I have trouble determining the running time function for algorithm below. I know that there are initially two assignment operations, int i=n and int s=0.
Also, I know that the while loop is represented by $\lfloor \log_2n \rfloor + 1,ドル but the for loop depends on the value of $i$ which decrements by half.
So, the first time the for loop performs $n$ times, the second time the for loop performs $n/2$ times, and so on. How can I represent this behavior?

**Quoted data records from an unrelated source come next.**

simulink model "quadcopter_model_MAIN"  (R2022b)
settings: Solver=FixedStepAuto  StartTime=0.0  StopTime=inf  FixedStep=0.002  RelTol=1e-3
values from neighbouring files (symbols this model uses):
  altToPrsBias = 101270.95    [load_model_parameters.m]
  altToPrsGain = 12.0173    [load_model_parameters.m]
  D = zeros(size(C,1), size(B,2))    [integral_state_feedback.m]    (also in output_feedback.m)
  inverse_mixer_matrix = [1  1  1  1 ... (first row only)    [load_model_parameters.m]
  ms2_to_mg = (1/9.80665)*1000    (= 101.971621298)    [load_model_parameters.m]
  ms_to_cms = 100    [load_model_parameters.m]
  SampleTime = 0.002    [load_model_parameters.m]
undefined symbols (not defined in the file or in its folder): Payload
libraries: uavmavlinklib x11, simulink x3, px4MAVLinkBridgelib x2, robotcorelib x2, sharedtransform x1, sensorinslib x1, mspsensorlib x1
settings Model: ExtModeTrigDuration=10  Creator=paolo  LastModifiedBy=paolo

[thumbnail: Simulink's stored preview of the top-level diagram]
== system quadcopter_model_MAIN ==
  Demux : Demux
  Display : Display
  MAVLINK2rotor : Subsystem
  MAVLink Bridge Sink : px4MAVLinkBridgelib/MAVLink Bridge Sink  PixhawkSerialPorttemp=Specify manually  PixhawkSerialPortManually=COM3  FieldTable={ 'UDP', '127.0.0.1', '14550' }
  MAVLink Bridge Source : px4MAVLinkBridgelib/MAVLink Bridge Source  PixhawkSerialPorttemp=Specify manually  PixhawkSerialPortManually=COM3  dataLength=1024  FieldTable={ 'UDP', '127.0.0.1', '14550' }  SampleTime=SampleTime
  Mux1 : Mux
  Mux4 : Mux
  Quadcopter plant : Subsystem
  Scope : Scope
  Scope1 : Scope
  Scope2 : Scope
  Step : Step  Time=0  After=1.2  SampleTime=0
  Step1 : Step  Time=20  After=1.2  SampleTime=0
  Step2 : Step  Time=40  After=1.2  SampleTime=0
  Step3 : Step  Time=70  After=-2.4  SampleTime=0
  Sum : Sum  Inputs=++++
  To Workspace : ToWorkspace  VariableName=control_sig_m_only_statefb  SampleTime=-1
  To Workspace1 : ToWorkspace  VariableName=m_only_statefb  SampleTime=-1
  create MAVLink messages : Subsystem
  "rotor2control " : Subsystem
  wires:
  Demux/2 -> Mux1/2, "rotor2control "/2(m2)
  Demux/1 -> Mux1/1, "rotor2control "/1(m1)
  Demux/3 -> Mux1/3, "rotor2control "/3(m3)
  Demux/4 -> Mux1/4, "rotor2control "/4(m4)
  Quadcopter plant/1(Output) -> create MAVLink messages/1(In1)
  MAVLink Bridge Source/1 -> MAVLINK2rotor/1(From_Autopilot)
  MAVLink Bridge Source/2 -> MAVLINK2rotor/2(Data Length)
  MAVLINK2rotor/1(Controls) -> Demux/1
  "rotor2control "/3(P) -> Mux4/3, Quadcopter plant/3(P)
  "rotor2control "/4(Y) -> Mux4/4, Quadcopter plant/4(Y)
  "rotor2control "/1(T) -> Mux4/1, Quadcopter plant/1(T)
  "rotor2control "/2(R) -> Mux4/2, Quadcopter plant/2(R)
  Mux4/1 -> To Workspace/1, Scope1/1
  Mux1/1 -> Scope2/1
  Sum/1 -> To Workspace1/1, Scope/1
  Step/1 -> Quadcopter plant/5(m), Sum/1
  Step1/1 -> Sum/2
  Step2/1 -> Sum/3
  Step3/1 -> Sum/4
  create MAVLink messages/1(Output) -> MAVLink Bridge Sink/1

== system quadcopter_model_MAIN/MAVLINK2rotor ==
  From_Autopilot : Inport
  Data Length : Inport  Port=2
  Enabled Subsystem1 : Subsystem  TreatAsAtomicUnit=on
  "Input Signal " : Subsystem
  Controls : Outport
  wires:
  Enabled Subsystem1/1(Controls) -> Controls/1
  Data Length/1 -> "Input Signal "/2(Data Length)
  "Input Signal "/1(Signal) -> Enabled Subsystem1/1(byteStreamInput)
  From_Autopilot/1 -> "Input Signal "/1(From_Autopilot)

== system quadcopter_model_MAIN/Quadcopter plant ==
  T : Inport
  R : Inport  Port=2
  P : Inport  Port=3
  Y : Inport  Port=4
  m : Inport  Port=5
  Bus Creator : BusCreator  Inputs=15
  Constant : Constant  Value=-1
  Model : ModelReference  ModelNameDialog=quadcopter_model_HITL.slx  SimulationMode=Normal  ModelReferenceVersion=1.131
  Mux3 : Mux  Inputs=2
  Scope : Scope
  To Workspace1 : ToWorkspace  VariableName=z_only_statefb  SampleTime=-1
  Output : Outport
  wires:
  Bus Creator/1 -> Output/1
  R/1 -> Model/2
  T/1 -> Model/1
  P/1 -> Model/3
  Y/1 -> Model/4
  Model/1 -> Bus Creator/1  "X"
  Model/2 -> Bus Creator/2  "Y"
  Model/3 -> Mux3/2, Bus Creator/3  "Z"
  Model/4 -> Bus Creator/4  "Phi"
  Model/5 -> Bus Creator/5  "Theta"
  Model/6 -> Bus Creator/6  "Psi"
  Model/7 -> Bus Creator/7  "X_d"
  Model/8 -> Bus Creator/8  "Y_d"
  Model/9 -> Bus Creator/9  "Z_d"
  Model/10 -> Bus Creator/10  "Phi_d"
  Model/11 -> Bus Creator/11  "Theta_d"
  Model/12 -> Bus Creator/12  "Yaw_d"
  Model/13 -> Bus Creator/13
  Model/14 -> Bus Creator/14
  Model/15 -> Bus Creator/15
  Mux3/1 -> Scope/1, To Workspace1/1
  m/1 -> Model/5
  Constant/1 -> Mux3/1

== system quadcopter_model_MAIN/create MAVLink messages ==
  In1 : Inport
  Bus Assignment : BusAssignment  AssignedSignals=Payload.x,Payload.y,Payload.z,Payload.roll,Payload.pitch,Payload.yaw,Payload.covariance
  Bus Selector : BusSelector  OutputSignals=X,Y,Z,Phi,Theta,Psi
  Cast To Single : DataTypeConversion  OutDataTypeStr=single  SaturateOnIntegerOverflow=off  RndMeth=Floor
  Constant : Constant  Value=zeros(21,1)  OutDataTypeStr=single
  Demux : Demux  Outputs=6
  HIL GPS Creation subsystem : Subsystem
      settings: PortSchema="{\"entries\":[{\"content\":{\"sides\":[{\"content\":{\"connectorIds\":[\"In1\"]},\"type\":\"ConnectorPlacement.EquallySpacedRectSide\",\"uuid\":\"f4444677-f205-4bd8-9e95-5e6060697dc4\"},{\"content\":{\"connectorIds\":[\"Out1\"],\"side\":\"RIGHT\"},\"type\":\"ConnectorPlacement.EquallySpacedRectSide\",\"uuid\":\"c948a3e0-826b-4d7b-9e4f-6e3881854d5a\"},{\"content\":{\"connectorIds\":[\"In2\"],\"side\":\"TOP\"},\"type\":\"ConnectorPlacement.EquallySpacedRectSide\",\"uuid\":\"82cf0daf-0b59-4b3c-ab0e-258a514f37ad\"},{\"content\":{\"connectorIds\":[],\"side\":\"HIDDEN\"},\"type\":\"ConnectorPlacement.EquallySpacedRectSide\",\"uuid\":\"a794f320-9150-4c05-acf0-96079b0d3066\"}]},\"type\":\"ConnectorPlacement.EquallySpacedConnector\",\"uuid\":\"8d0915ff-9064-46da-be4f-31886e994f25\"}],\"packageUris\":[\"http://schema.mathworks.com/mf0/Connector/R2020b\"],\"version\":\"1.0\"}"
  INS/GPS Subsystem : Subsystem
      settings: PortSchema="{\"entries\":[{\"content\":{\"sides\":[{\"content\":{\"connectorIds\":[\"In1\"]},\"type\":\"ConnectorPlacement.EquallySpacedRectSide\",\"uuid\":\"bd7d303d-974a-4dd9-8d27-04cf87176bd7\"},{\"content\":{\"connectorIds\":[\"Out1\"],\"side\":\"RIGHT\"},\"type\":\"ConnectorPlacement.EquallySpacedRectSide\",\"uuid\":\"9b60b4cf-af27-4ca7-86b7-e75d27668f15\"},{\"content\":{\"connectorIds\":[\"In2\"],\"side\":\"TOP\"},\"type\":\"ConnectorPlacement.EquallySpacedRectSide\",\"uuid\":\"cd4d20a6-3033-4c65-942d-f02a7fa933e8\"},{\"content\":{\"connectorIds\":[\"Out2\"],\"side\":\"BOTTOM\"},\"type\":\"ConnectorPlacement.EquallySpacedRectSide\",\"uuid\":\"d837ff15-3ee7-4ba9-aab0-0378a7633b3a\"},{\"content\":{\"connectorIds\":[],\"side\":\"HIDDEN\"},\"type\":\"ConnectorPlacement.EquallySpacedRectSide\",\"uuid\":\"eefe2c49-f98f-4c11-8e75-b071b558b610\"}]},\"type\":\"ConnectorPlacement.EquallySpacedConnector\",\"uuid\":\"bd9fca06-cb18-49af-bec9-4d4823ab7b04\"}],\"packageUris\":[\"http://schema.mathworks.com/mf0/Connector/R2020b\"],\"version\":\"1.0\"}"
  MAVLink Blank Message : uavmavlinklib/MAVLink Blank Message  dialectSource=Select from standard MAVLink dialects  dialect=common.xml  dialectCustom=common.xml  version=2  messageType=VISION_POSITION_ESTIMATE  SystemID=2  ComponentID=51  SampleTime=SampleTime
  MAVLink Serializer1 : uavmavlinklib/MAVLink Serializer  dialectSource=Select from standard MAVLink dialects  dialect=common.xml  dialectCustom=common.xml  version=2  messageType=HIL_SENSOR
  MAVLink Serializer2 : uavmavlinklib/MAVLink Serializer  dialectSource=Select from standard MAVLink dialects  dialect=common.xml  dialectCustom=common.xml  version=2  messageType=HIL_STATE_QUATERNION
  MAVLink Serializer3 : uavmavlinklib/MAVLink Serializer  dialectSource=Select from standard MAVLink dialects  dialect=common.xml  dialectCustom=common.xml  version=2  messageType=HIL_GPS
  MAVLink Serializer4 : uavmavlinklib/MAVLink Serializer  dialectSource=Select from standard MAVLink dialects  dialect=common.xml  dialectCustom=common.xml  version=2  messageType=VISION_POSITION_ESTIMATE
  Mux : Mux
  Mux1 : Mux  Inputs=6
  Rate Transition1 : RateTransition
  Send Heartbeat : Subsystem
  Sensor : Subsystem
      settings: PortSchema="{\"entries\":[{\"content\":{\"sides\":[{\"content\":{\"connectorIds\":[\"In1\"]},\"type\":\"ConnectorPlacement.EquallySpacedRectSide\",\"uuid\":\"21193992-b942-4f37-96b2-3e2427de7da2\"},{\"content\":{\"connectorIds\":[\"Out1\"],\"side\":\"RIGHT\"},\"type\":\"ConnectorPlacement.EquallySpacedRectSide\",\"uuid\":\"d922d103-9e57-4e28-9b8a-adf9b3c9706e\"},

I suppose that, at the end, the result is the product of both behaviors.
int i = n; int s = 0;
while(i > 0) {
for(j = 1; j <= i; ++j) s++;
i /= 2;
}
-
$\begingroup$ " the while loop is represented by ..." -- that statement does not make too much sense. "at the end, the result is the product of both behaviors" -- not quite, except in simple cases. See our reference question on how to analyse such things; you can also search runtime-analysis+loops. $\endgroup$Raphael– Raphael2015年07月13日 09:58:42 +00:00Commented Jul 13, 2015 at 9:58
1 Answer 1
For each value of $i,ドル the inner loop runs $i$ times, and so the running time of the body of the outer loop with a given value i is in $\Theta(i)$. The values of i, as you mention, are $n, \lfloor n/2 \rfloor, \lfloor n/4 \rfloor, \cdots, 1,ドル and so the overall running time is
$$ \Theta(n + n/2 + n/4 + \cdots + 1) = \Theta(n). $$
Here we use the fact that the infinite series 1ドル + 1/2 + 1/4 + \cdots$ converges (to 2ドル$).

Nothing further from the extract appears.